• _Work instructions_
Which of the lines in the records below hold the string "before"? Copy every one of them.

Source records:
◆ ◆ ◆

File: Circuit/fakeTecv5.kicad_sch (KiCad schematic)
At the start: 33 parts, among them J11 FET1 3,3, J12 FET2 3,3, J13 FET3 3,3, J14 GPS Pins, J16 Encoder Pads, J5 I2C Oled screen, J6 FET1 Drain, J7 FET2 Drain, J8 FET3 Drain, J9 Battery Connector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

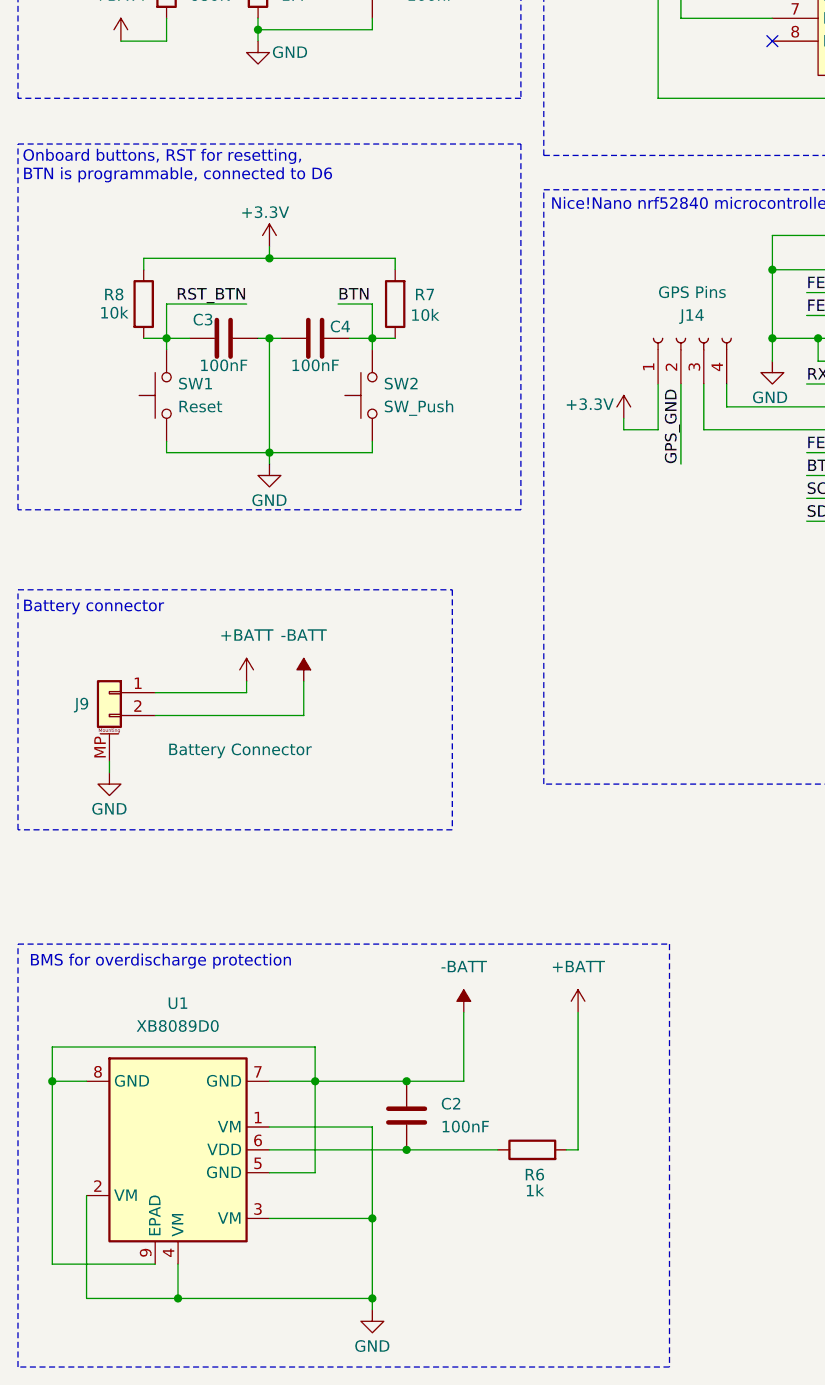
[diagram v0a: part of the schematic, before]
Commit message: Added pads for nice!nano and nrf promicro, more deco, more justifications
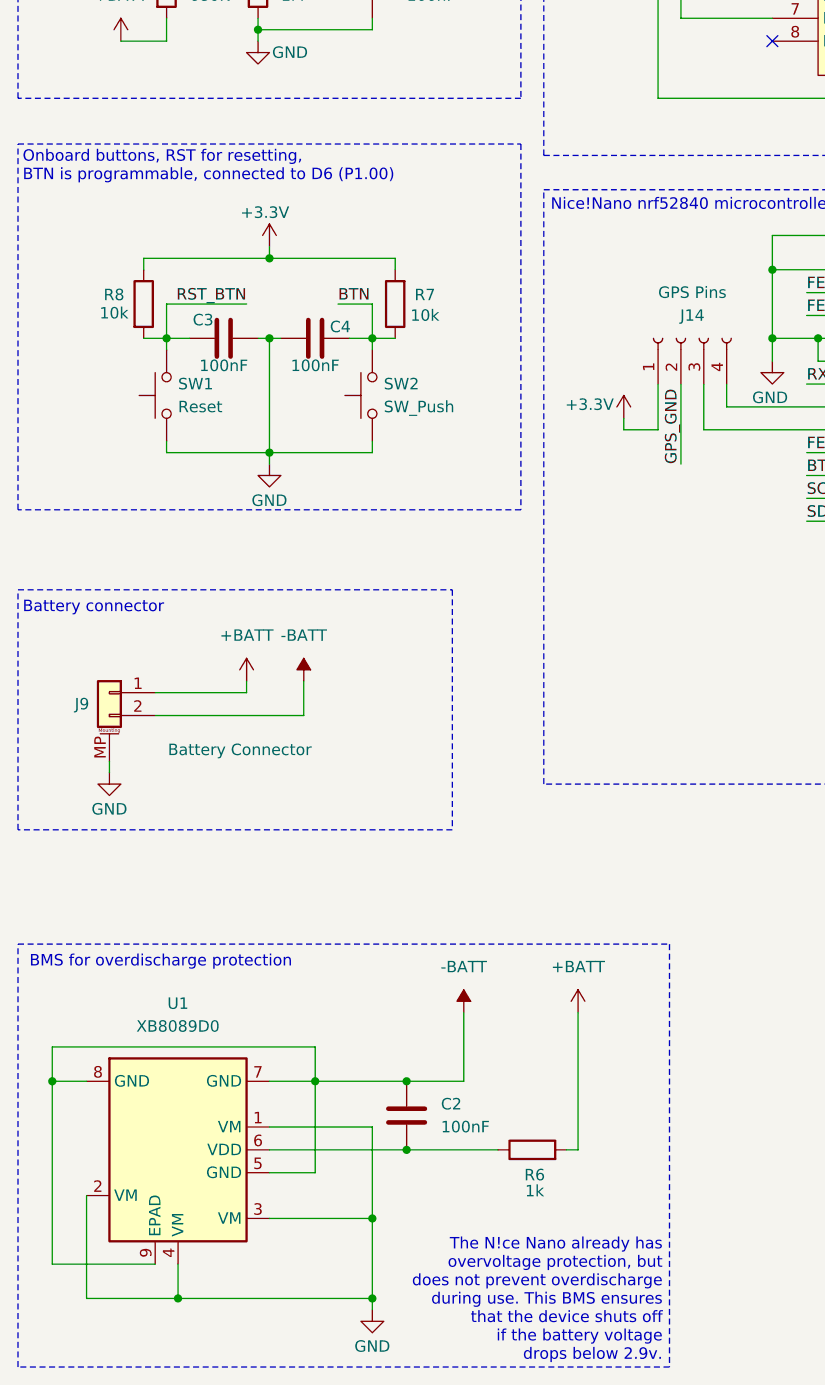
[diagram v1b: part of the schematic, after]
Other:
- note added: "Onboard buttons, RST for resetting, BTN is programmable, connected to D6 (P1.00)"
- note added: "The N!ce Nano already has overvoltage protection, but does not prevent overdischarge during use. This BMS ensures that the device shuts off if the battery voltage drops below 2.9v."
- note removed: "Onboard buttons, RST for resetting, BTN is programmable, connected to D6"
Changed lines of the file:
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@@
+		)
+	)
+	(text "The N!ce Nano already has\novervoltage protection, but\ndoes not prevent overdischarge\nduring use. This BMS ensures\nthat the device shuts off \nif the battery voltage \ndrops below 2.9v."
+		(exclude_from_sim no)
+		(at 90.678 189.992 0)
+		(effects
+			(font
+				(size 1.27 1.27)
+			)
+			(justify right bottom)
 		)
 	)
@@
 		)
 	)
-	(text "Onboard buttons, RST for resetting,\nBTN is programmable, connected to D6"
+	(text "Onboard buttons, RST for resetting,\nBTN is programmable, connected to D6 (P1.00)"
 		(exclude_from_sim no)
 		(at 19.558 57.15 0)

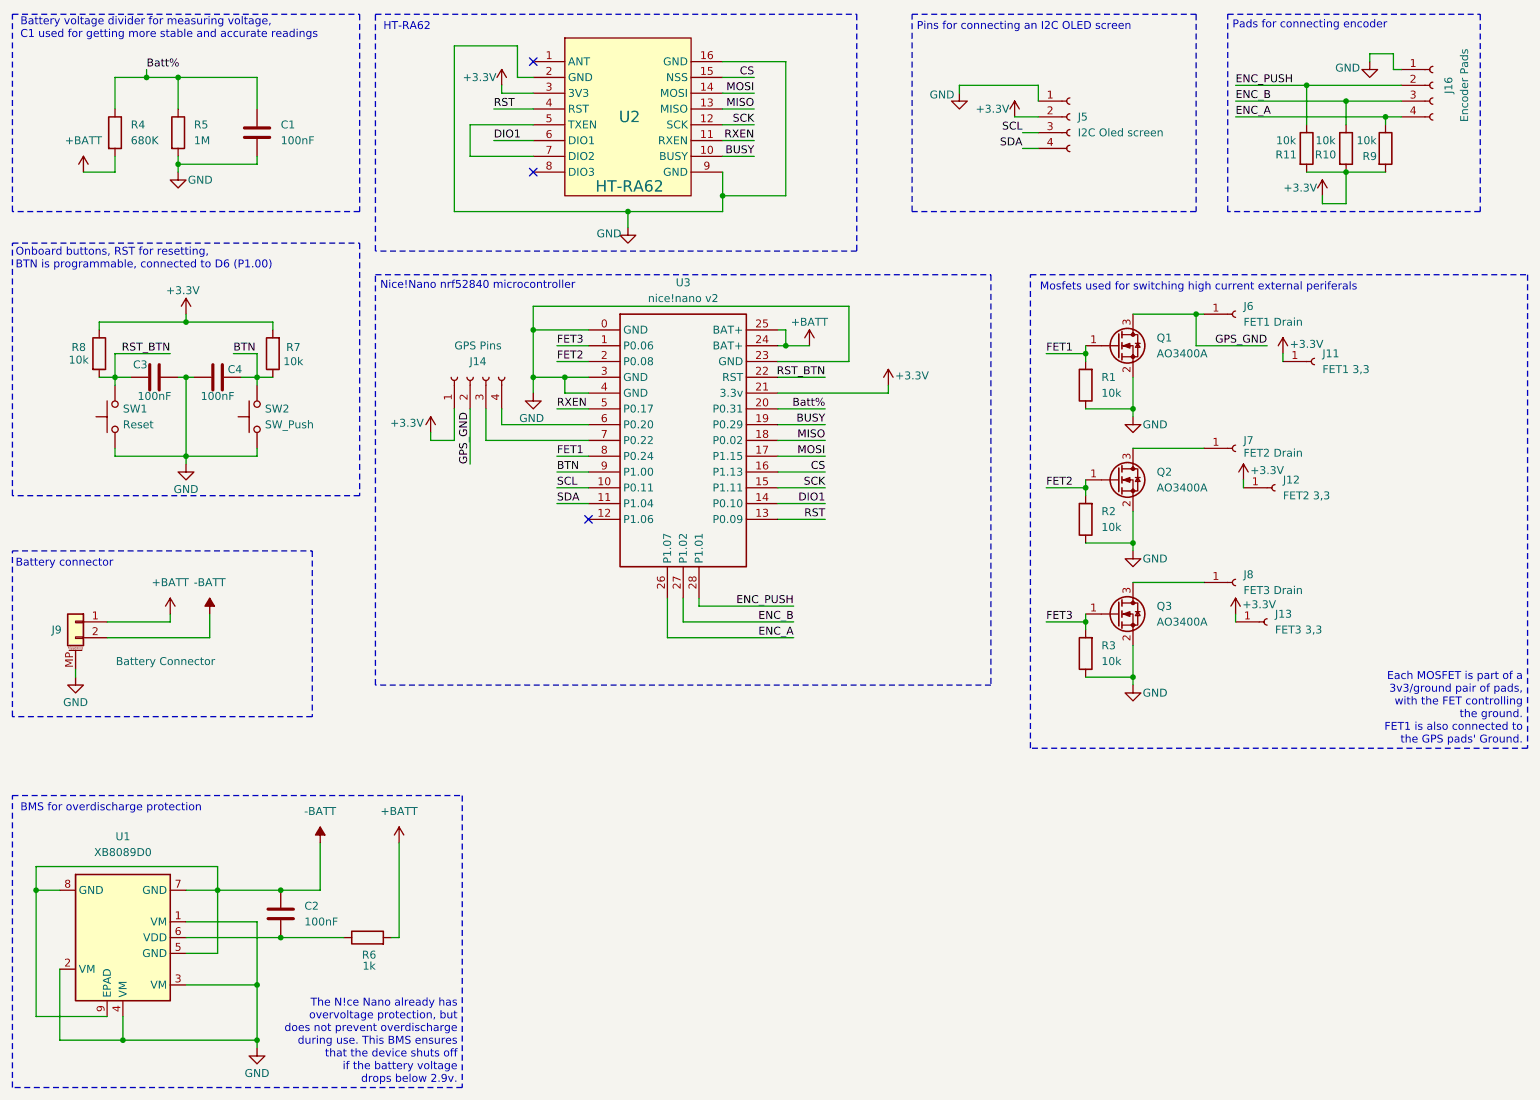
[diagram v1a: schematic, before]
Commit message: Added space to edge of board, removed pull up resistors and debouncing capacitors, added access to extra pin
Inspiration taken from fork: https://github.com/mofosyne/roTec_pcb.
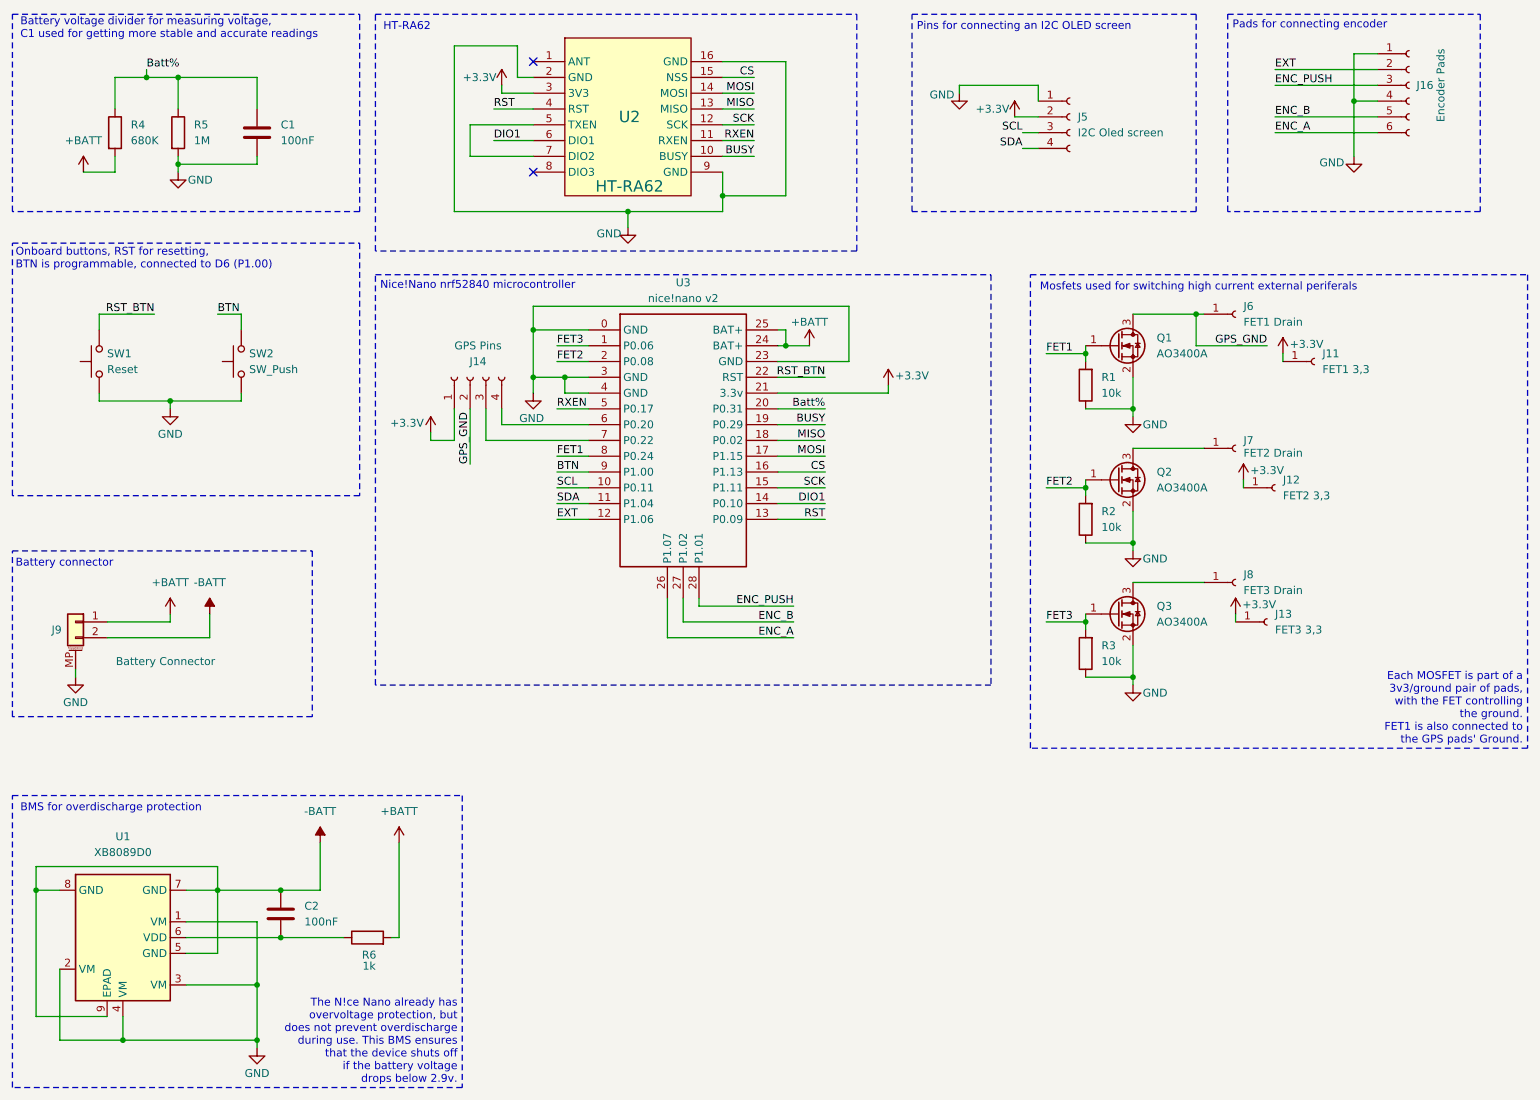
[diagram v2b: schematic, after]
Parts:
- removed C3, C4: 100nF, Capacitor_SMD:C_0805_2012Metric_Pad1.18x1.45mm_HandSolder, symbol Device:C
- removed R10, R11, R7, R8, R9: 10k, Resistor_SMD:R_0805_2012Metric_Pad1.20x1.40mm_HandSolder, symbol Device:R
- J16: footprint SMD_PAD:SMD_PAD_1x04 -> SMD_PAD:SMD_PAD_1x06; symbol Connector:Conn_01x04_Socket -> Connector:Conn_01x06_Socket
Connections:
- net ENC_A: now also J16.6 (Pin_6); no longer J16.4 (Pin_4)
- net ENC_B: now also J16.5 (Pin_5); no longer J16.3 (Pin_3)
- net ENC_PUSH: now also J16.3 (Pin_3); no longer J16.2 (Pin_2)
- net GND: now also J16.4 (Pin_4)
- net EXT: now reaches U3.12 (P1.06)
- net EXT: now also J16.2 (Pin_2)
- no-connect marks 3 -> 2
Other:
- moved on the sheet: SW1, SW2

◆ ◆ ◆

• _Task response_
[diagram v0a: part of the schematic, before]
[diagram v1a: schematic, before]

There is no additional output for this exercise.